Vorgeburtliche Tests in Deutschland sind kostenlos
Einige Tage später war ich beim Arzt. Ich suchte keinen polnischen Gynäkologen, sondern ging einfach zum nächsten Büro. Ich fand einen netten und sachlichen Arzt, der in der Sowjetunion studierte. Zuerst versuchte sie, unbekannte Wörter ins Russische zu übersetzen, aber ich beherrschte schnell das deutsche Schwangerschaftsvokabular. Ich wurde für grundlegende Tests (Blutgruppe, HIV, infektiöser Ikterus, Röteln, Chlamydien) überwiesen. Sie waren alle frei, das heißt unter der normalen Krankenversicherung. Wie bei allen medizinischen Terminen. Der Arzt informierte mich auch sehr früh über die Möglichkeit von vorgeburtlichen Tests (ebenfalls kostenlos). Es ist Standard in Deutschland. In der 12. Schwangerschaftswoche musste ich mich entscheiden, ob ich die invasiven machen wollte. Aber ich habe mich nicht entschieden, weil ich wusste, dass ich es trotzdem gebären würde, selbst wenn das Baby das Down-Syndrom hätte (aufgrund meines Alters war das Risiko hoch). Und an andere Mängel habe ich überhaupt nicht gedacht. Bis heute erinnere ich mich an das Erstaunen der Ärztin, als sie von meiner Entscheidung hörte. Es war für sie völlig unverständlich.
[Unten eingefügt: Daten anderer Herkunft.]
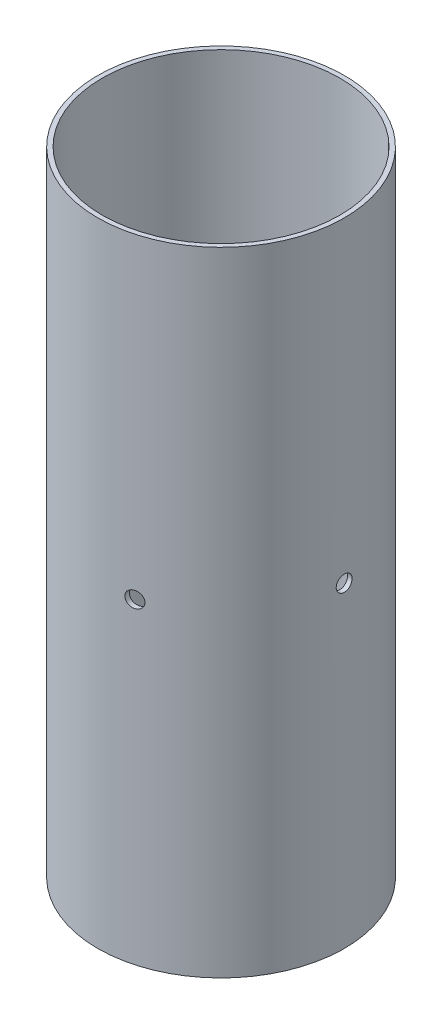
SolidWorks part; units mm, degrees
material "Custom Plastic"
ref_plane "Front Plane" through (0, 0, 0) normal (0, 0, 1) x (1, 0, 0)
ref_plane "Top Plane" through (0, 0, 0) normal (0, 1, 0) x (1, 0, 0)
ref_plane "Right Plane" through (0, 0, 0) normal (1, 0, 0) x (0, 0, -1)
sketch "Sketch1" plane through (0, 0, 0) normal (0, 1, 0) x (1, 0, 0)
  circle A0 centre (0, 0) radius 49.5046
  circle A1 centre (0, 0) radius 47.6885
  dimension "D1" = 99.0092
  dimension "D2" = 95.377
extrude "Boss-Extrude1" add sketch "Sketch1" along normal blind 254 contours A1 | A0
sketch "Sketch2" plane through (0, 0, 0) normal (0, 0, 1) x (1, 0, 0)
  line L0 (-33.5357, 254) -> (-33.5357, 0)
  line L1 (49.5046, 254) -> (-49.5046, 254) construction
  line L2 (-49.5046, 0) -> (49.5046, 0) construction
  line L3 (-33.5357, 127) -> (90.0539, 127) construction
  line L4 (0, 254) -> (0, 0) construction
  circle A0 centre (13.0658, 127) radius 3.175
  dimension "D2" = 6.35
  dimension "D1" = 13.0658
extrude "Cut-Extrude1" cut sketch "Sketch2" against normal through all both and the other way through all contours A0
sketch "Sketch3" plane through (0, 0, 0) normal (1, 0, 0) x (0, 0, -1)
  line L0 (0, 254) -> (0, -12.4194) construction
  line L1 (49.5046, 254) -> (-49.5046, 254) construction
  line L2 (-49.5046, 127) -> (100.1381, 127) construction
  line L3 (-49.5046, 254) -> (-49.5046, 0) construction
  line L4 (49.5046, 0) -> (49.5046, 254) construction
  circle A0 centre (0, 127) radius 3.175
  point P13 (0, 0)
  dimension "D3" = 6.35
  dimension "D1" = 127
  dimension "D2" = 49.5046
extrude "Cut-Extrude2" cut sketch "Sketch3" against normal through all both and the other way through all
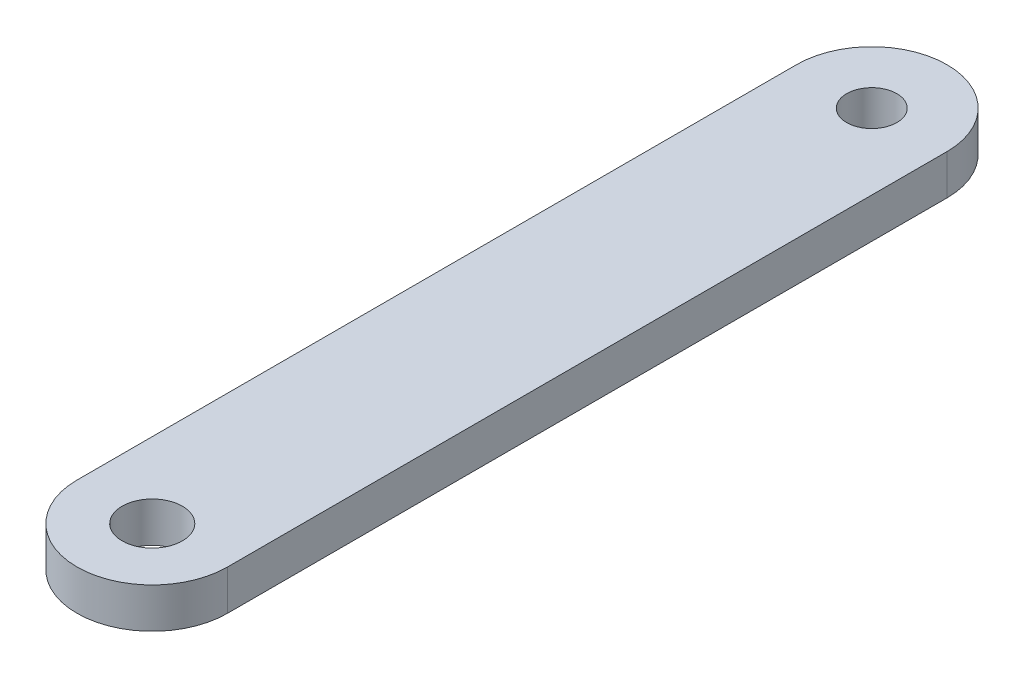
SolidWorks part; units mm, degrees
ref_plane "Front Plane" through (0, 0, 0) normal (0, 0, 1) x (1, 0, 0)
ref_plane "Top Plane" through (0, 0, 0) normal (0, 1, 0) x (1, 0, 0)
ref_plane "Right Plane" through (0, 0, 0) normal (1, 0, 0) x (0, 0, -1)
sketch "Sketch1" plane through (0, 0, 0) normal (0, 1, 0) x (1, 0, 0)
  line L0 (1.2912, -4.823) -> (1.2912, 31.027) construction
  line L1 (-2.4588, -4.823) -> (-2.4588, 31.027)
  line L2 (5.0412, 31.027) -> (5.0412, -4.823)
  circle A0 centre (1.2912, 31.027) radius 1.25
  circle A1 centre (1.2912, -4.823) radius 1.5
  arc A2 (5.0412, 31.027) -> (-2.4588, 31.027) centre (1.2912, 31.027) ccw
  arc A3 (-2.4588, -4.823) -> (5.0412, -4.823) centre (1.2912, -4.823) ccw
  dimension "D2" = 2.5
  dimension "D3" = 3
  dimension "D4" = 7.5
  dimension "D1" = 35.85
extrude "Boss-Extrude1" add sketch "Sketch1" along normal blind 2
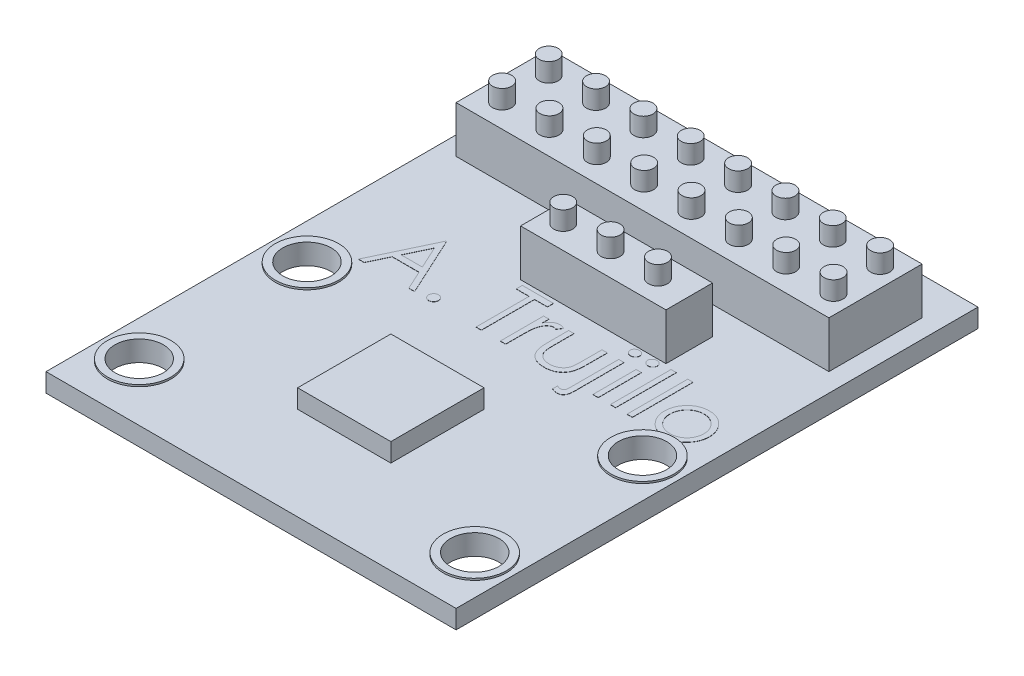
SolidWorks part; units mm, degrees
ref_plane "Front Plane" through (0, 0, 0) normal (0, 0, 1) x (1, 0, 0)
ref_plane "Top Plane" through (0, 0, 0) normal (0, 1, 0) x (1, 0, 0)
ref_plane "Right Plane" through (0, 0, 0) normal (1, 0, 0) x (0, 0, -1)
sketch "Sketch1" plane through (0, 0, 0) normal (0, 1, 0) x (1, 0, 0)
  line L1 (-11, 14) -> (11, 14)
  line L2 (-11, 14) -> (-11, -14)
  line L3 (-11, -14) -> (11, -14)
  line L4 (11, 14) -> (11, -14)
  line L5 (-11, 14) -> (11, -14) construction
  line L6 (-11, -14) -> (11, 14) construction
  point P0 (0, 0)
  dimension "D1" = 22
  dimension "D2" = 28
extrude "Boss-Extrude1" add sketch "Sketch1" along normal blind 1
sketch "Sketch2" plane through (0, 1, 0) normal (0, 1, 0) x (1, 0, 0)
  line L1 (-10, 12) -> (10, 12)
  line L2 (-10, 12) -> (-10, 7)
  line L3 (-10, 7) -> (10, 7)
  line L4 (10, 12) -> (10, 7)
  dimension "D1" = 10
  dimension "D2" = 7
  dimension "D3" = 5
  dimension "D4" = 20
extrude "Boss-Extrude2" add sketch "Sketch2" along normal blind 2.5
sketch "Sketch3" plane through (0, 3.5, 0) normal (0, 1, 0) x (1, 0, 0)
  line L0 (10, 9.5) -> (-10, 9.5) construction
  line L1 (10, 7) -> (10, 12) construction
  line L2 (-10, 12) -> (-10, 7) construction
  circle A0 centre (9, 8.25) radius 0.51
  circle A1 centre (6.46, 8.25) radius 0.51
  circle A2 centre (3.92, 8.25) radius 0.51
  circle A3 centre (1.38, 8.25) radius 0.51
  circle A4 centre (-1.16, 8.25) radius 0.51
  circle A5 centre (-3.7, 8.25) radius 0.51
  circle A6 centre (-6.24, 8.25) radius 0.51
  circle A7 centre (-8.78, 8.25) radius 0.51
  circle A8 centre (-8.78, 10.75) radius 0.51
  circle A9 centre (-6.24, 10.75) radius 0.51
  circle A10 centre (-3.7, 10.75) radius 0.51
  circle A11 centre (-1.16, 10.75) radius 0.51
  circle A12 centre (1.38, 10.75) radius 0.51
  circle A13 centre (3.92, 10.75) radius 0.51
  circle A14 centre (6.46, 10.75) radius 0.51
  circle A15 centre (9, 10.75) radius 0.51
  dimension "D1" = 1.02
  dimension "D2" = 9
  dimension "D3" = 8.25
  dimension "D4" = 8
extrude "Boss-Extrude3" add sketch "Sketch3" along normal blind 1
sketch "Sketch4" plane through (0, 1, 0) normal (0, 1, 0) x (1, 0, 0)
  line L1 (2.5, -9) -> (-2.5, -9)
  line L2 (2.5, -9) -> (2.5, -4)
  line L3 (2.5, -4) -> (-2.5, -4)
  line L4 (-2.5, -9) -> (-2.5, -4)
  point P4 (0, -4)
  dimension "D1" = 4
  dimension "D2" = 5
  dimension "D3" = 5
extrude "Boss-Extrude4" add sketch "Sketch4" along normal blind 1
sketch "Sketch5" plane through (0, 1, 0) normal (0, 1, 0) x (1, 0, 0)
  line L0 (0, 0) -> (0, -14) construction
  line L1 (-11, -14) -> (11, -14) construction
  line L2 (-11, -6.5) -> (11, -6.5) construction
  line L5 (-11, 14) -> (-11, -14) construction
  line L6 (11, -14) -> (11, 14) construction
  line L7 (-2.5, -4) -> (-2.5, -9) construction
  circle A0 centre (-9, -2) radius 1.3
  circle A1 centre (9, -2) radius 1.3
  circle A2 centre (9, -11) radius 1.3
  circle A3 centre (-9, -11) radius 1.3
  point P21 (-2.5, -6.5)
  dimension "D1" = 2.6
  dimension "D2" = 9
  dimension "D3" = 2
extrude "Cut-Extrude1" cut sketch "Sketch5" against normal blind 1
sketch "Sketch6" plane through (0, 1, 0) normal (0, 1, 0) x (1, 0, 0)
  circle A0 centre (-9, -11) radius 1.3 construction
  circle A1 centre (9, -11) radius 1.3 construction
  circle A2 centre (9, -2) radius 1.3 construction
  circle A3 centre (-9, -2) radius 1.3 construction
  circle A4 centre (-9, -11) radius 1.3
  circle A5 centre (9, -11) radius 1.3
  circle A6 centre (9, -2) radius 1.3
  circle A7 centre (-9, -2) radius 1.3
  circle A8 centre (-9, -2) radius 1.7
  circle A9 centre (9, -2) radius 1.7
  circle A10 centre (-9, -11) radius 1.7
  circle A11 centre (9, -11) radius 1.7
  dimension "D1" = 3.4
  dimension "D2" = 3.4
  dimension "D3" = 3.4
  dimension "D4" = 3.4
extrude "Boss-Extrude5" add sketch "Sketch6" along normal blind 0.1
sketch "Sketch7" plane through (0, 1, 0) normal (0, 1, 0) x (1, 0, 0)
  line L1 (-2.54, 5.5) -> (5.26, 5.5)
  line L2 (-2.54, 5.5) -> (-2.54, 3)
  line L3 (-2.54, 3) -> (5.26, 3)
  line L4 (5.26, 5.5) -> (5.26, 3)
  dimension "D1" = 2.5
  dimension "D2" = 7.8
  dimension "D3" = 3
  dimension "D4" = 2.54
extrude "Boss-Extrude6" add sketch "Sketch7" along normal blind 2.5
sketch "Sketch8" plane through (0, 3.5, 0) normal (0, 1, 0) x (1, 0, 0)
  line L0 (-2.54, 5.5) -> (-2.54, 3) construction
  circle A0 centre (-1.5, 4.25) radius 0.51
  circle A1 centre (1.04, 4.25) radius 0.51
  circle A2 centre (3.58, 4.25) radius 0.51
  point P5 (-2.54, 4.25)
  dimension "D3" = 1.02
  dimension "D1" = 1.5
  dimension "D2" = 3
extrude "Boss-Extrude7" add sketch "Sketch8" along normal blind 1
sketch "Sketch9" plane through (0, 1, 0) normal (0, 1, 0) x (1, 0, 0)
  text T0 "A. Trujillo"
  dimension "D1" = 8
  dimension "D2" = 3.6
extrude "Boss-Extrude8" add sketch "Sketch9" along normal blind 0.01

Moderner Ultraschall der Schwangerschaft
OK. In der 22. Schwangerschaftswoche befanden wir uns in der Untersuchung, was so etwas wie ein sehr detaillierter Ultraschall war (mit dem Bildschirm an der ganzen Wand!). Alle inneren Organe wie das Herz mit den Kammern und Vorhöfen waren deutlich sichtbar. Dann fanden wir heraus, dass es ein Mädchen war und dass 90 Prozent. Es gibt keine schwerwiegenden Krankheiten. Grzegorz war sehr bewegt, zumal Kasias Nase völlig die gleiche Form hatte wie seine eigene! Während meiner Schwangerschaft fühlte ich mich großartig und abgesehen von Übelkeit im ersten Trimester störte mich nichts, nicht einmal Sodbrennen oder Heißhunger. Oh, sorry: Dies war das einzige Mal, dass ich meinen Mann anrief und ihn bat, mir Chips mit Speckgeschmack zu kaufen, weil ich wirklich hungrig nach ihnen war. Es war… der Tag vor der Geburt!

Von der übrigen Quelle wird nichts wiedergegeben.